# Large Map Coloring#

This example solves a map coloring problem to demonstrate an out-of-the-box use of
Ocean’s classical-quantum hybrid sampler, dwave-hybrid
`KerberosSampler`

, that enables you to solve problems
of arbitrary structure and size.

Map coloring is an example of a constraint satisfaction problem (CSP). CSPs require that all a problem’s variables be assigned values, out of a finite domain, that result in the satisfying of all constraints.
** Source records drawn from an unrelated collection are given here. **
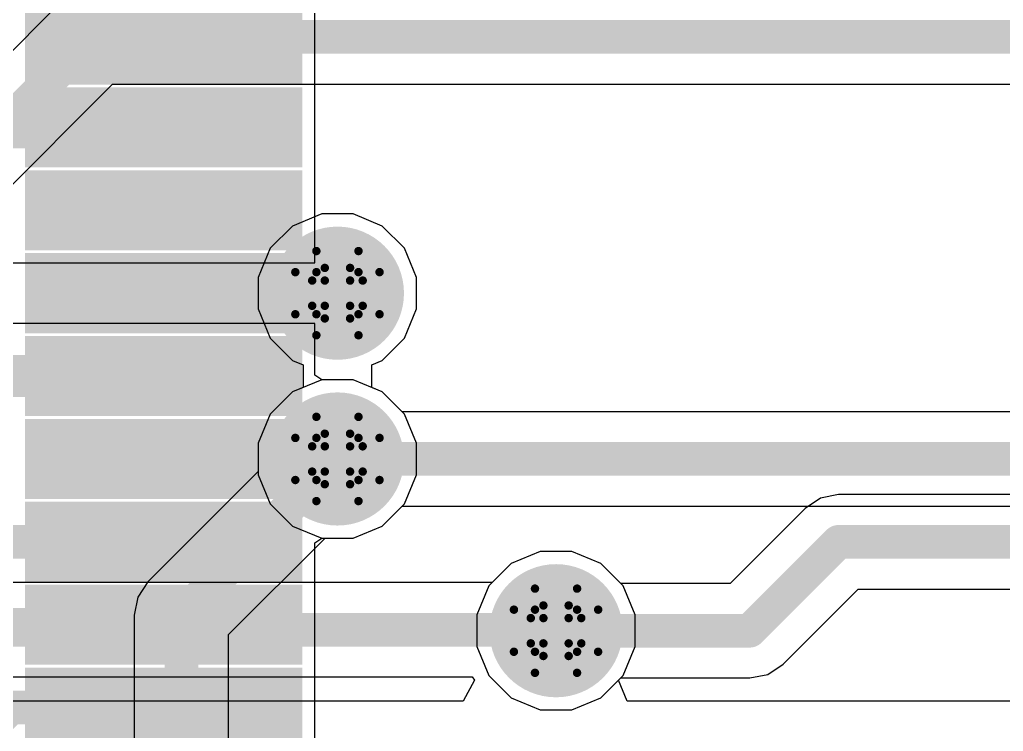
# Model space of a CAD drawing. Header units: inches. Extents: x -0.1 to 17.9, y -0.8 to 4.8.
# Drawn here: x 0.9726 to 1.2062, y 2.6261 to 2.7951 of the extents above; entities that cross this region are included whole.
import ezdxf

# ---------------------------------------------------------------- set-up
doc = ezdxf.new("R2010")
doc.units = ezdxf.units.IN
doc.header["$MEASUREMENT"] = 0
for name, color, linetype in [('Bottom Layer 1', 5, 'Continuous'), ('Bottom Solder', 6, 'Continuous'), ('Drill Drawing', 1, 'Continuous'), ('GND+Signal', 16, 'Continuous'), ('PWR+Signal', 76, 'Continuous'), ('Top Layer 1', 1, 'Continuous'), ('Top Paste', 8, 'Continuous'), ('Top Solder', 216, 'Continuous'), ('Via Holes', 16, 'Continuous')]:
    doc.layers.add(name, color=color, linetype=linetype)

# ---------------------------------------------------------------- blocks, each defined once
blk = doc.blocks.new('64_TQFP__10_10__101')
at = {"layer": 'Top Layer 1'}
for points in [[(-0.2521661, 0.0547238), (-0.1942921, 0.0547238), (-0.1942921, 0.0437002), (-0.2521661, 0.0437002)], [(-0.2521661, 0.0350398), (-0.1942921, 0.0350398), (-0.1942921, 0.0240162), (-0.2521661, 0.0240162)], [(-0.2521661, 0.0153538), (-0.1942921, 0.0153538), (-0.1942921, 0.0043302), (-0.2521661, 0.0043302)], [(-0.2521661, -0.0043302), (-0.1942921, -0.0043302), (-0.1942921, -0.0153538), (-0.2521661, -0.0153538)], [(-0.2521661, -0.0240162), (-0.1942921, -0.0240162), (-0.1942921, -0.0350398), (-0.2521661, -0.0350398)], [(-0.2521661, -0.0437002), (-0.1942921, -0.0437002), (-0.1942921, -0.0547238), (-0.2521661, -0.0547238)], [(-0.2521661, -0.0633862), (-0.1942921, -0.0633862), (-0.1942921, -0.0744098), (-0.2521661, -0.0744098)], [(-0.2521661, -0.0830702), (-0.1942921, -0.0830702), (-0.1942921, -0.0940938), (-0.2521661, -0.0940938)], [(-0.2521661, -0.1027562), (-0.1942921, -0.1027562), (-0.1942921, -0.1137798), (-0.2521661, -0.1137798)]]:
    blk.add_hatch(color=1, dxfattribs=at).paths.add_polyline_path(points)
at = {"layer": 'Top Paste'}
for points in [[(-0.2521661, 0.0547238), (-0.1942921, 0.0547238), (-0.1942921, 0.0437002), (-0.2521661, 0.0437002)], [(-0.2521661, 0.0350398), (-0.1942921, 0.0350398), (-0.1942921, 0.0240162), (-0.2521661, 0.0240162)], [(-0.2521661, 0.0153538), (-0.1942921, 0.0153538), (-0.1942921, 0.0043302), (-0.2521661, 0.0043302)], [(-0.2521661, -0.0043302), (-0.1942921, -0.0043302), (-0.1942921, -0.0153538), (-0.2521661, -0.0153538)], [(-0.2521661, -0.0240162), (-0.1942921, -0.0240162), (-0.1942921, -0.0350398), (-0.2521661, -0.0350398)], [(-0.2521661, -0.0437002), (-0.1942921, -0.0437002), (-0.1942921, -0.0547238), (-0.2521661, -0.0547238)], [(-0.2521661, -0.0633862), (-0.1942921, -0.0633862), (-0.1942921, -0.0744098), (-0.2521661, -0.0744098)], [(-0.2521661, -0.0830702), (-0.1942921, -0.0830702), (-0.1942921, -0.0940938), (-0.2521661, -0.0940938)], [(-0.2521661, -0.1027562), (-0.1942921, -0.1027562), (-0.1942921, -0.1137798), (-0.2521661, -0.1137798)]]:
    blk.add_hatch(color=8, dxfattribs=at).paths.add_polyline_path(points)
at = {"layer": 'Top Solder'}
for points in [[(-0.2561661, 0.0587238), (-0.1902921, 0.0587238), (-0.1902921, 0.0397002), (-0.2561661, 0.0397002)], [(-0.2561661, 0.0390398), (-0.1902921, 0.0390398), (-0.1902921, 0.0200162), (-0.2561661, 0.0200162)], [(-0.2561661, 0.0193538), (-0.1902921, 0.0193538), (-0.1902921, 0.0003302), (-0.2561661, 0.0003302)], [(-0.2561661, -0.0003302), (-0.1902921, -0.0003302), (-0.1902921, -0.0193538), (-0.2561661, -0.0193538)], [(-0.2561661, -0.0200162), (-0.1902921, -0.0200162), (-0.1902921, -0.0390398), (-0.2561661, -0.0390398)], [(-0.2561661, -0.0397002), (-0.1902921, -0.0397002), (-0.1902921, -0.0587238), (-0.2561661, -0.0587238)], [(-0.2561661, -0.0593862), (-0.1902921, -0.0593862), (-0.1902921, -0.0784098), (-0.2561661, -0.0784098)], [(-0.2561661, -0.0790702), (-0.1902921, -0.0790702), (-0.1902921, -0.0980938), (-0.2561661, -0.0980938)], [(-0.2561661, -0.0987562), (-0.1902921, -0.0987562), (-0.1902921, -0.1177798), (-0.2561661, -0.1177798)]]:
    blk.add_hatch(color=216, dxfattribs=at).paths.add_polyline_path(points)

msp = doc.modelspace()

# ---------------------------------------------------------------- hatches: boundary and pattern name
at = {"layer": 'Bottom Layer 1'}
h = msp.add_hatch(color=5, dxfattribs=at)
edge = h.paths.add_edge_path()
edge.add_arc((1.0480761, 2.730157), 0.011811, 0, 360)
h = msp.add_hatch(color=5, dxfattribs=at)
edge = h.paths.add_edge_path()
edge.add_arc((1.0480761, 2.690787), 0.011811, 0, 360)
h = msp.add_hatch(color=5, dxfattribs=at)
edge = h.paths.add_edge_path()
edge.add_arc((1.1, 2.65), 0.011811, 0, 360)
at = {"layer": 'Bottom Solder'}
h = msp.add_hatch(color=6, dxfattribs=at)
edge = h.paths.add_edge_path()
edge.add_arc((1.0480761, 2.730157), 0.015811, 0, 360)
h = msp.add_hatch(color=6, dxfattribs=at)
edge = h.paths.add_edge_path()
edge.add_arc((1.0480761, 2.690787), 0.015811, 0, 360)
h = msp.add_hatch(color=6, dxfattribs=at)
edge = h.paths.add_edge_path()
edge.add_arc((1.1, 2.65), 0.015811, 0, 360)
at = {"layer": 'GND+Signal'}
h = msp.add_hatch(color=16, dxfattribs=at)
edge = h.paths.add_edge_path()
edge.add_arc((1.0480761, 2.730157), 0.011811, 0, 360)
h = msp.add_hatch(color=16, dxfattribs=at)
edge = h.paths.add_edge_path()
edge.add_arc((1.0480761, 2.690787), 0.011811, 0, 360)
h = msp.add_hatch(color=16, dxfattribs=at)
edge = h.paths.add_edge_path()
edge.add_arc((1.1, 2.65), 0.011811, 0, 360)
at = {"layer": 'PWR+Signal'}
h = msp.add_hatch(color=76, dxfattribs=at)
edge = h.paths.add_edge_path()
edge.add_arc((1.0480761, 2.730157), 0.011811, 0, 360)
h = msp.add_hatch(color=76, dxfattribs=at)
edge = h.paths.add_edge_path()
edge.add_arc((1.0480761, 2.690787), 0.011811, 0, 360)
h = msp.add_hatch(color=76, dxfattribs=at)
edge = h.paths.add_edge_path()
edge.add_arc((1.1, 2.65), 0.011811, 0, 360)
at = {"layer": 'Top Layer 1'}
h = msp.add_hatch(color=1, dxfattribs=at)
edge = h.paths.add_edge_path()
edge.add_arc((1.0480761, 2.730157), 0.011811, 0, 360)
h = msp.add_hatch(color=1, dxfattribs=at)
edge = h.paths.add_edge_path()
edge.add_arc((1.0480761, 2.690787), 0.011811, 0, 360)
h = msp.add_hatch(color=1, dxfattribs=at)
edge = h.paths.add_edge_path()
edge.add_arc((1.1, 2.65), 0.011811, 0, 360)
at = {"layer": 'Via Holes'}
h = msp.add_hatch(color=7, dxfattribs=at)
edge = h.paths.add_edge_path()
edge.add_arc((1.0480761, 2.730157), 0.0059055, 0, 360)
h = msp.add_hatch(color=7, dxfattribs=at)
edge = h.paths.add_edge_path()
edge.add_arc((1.0480761, 2.690787), 0.0059055, 0, 360)
h = msp.add_hatch(color=7, dxfattribs=at)
edge = h.paths.add_edge_path()
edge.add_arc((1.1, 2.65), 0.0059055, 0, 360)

The map-coloring CSP is to assign a color to each region of a map such that any two regions sharing a border have different colors.

The Map Coloring advanced example demonstrates lower-level coding of a similar problem, which gives the user more control over the solution procedure but requires the knowledge of some system parameters (e.g., knowing the maximum number of supported variables for the problem). Example Problem With Many Variables demonstrates the hybrid approach to problem solving in more detail by explicitly configuring the classical and quantum workflows.

## Example Requirements#

The code in this example requires that your development environment have Ocean software and be configured to access SAPI, as described in the Initial Set Up section.

## Solution Steps#

Section Workflow Steps: Formulation and Sampling describes the problem-solving workflow as consisting of two main steps: (1) Formulate the problem as an objective function in a supported model and (2) Solve your model with a D-Wave solver.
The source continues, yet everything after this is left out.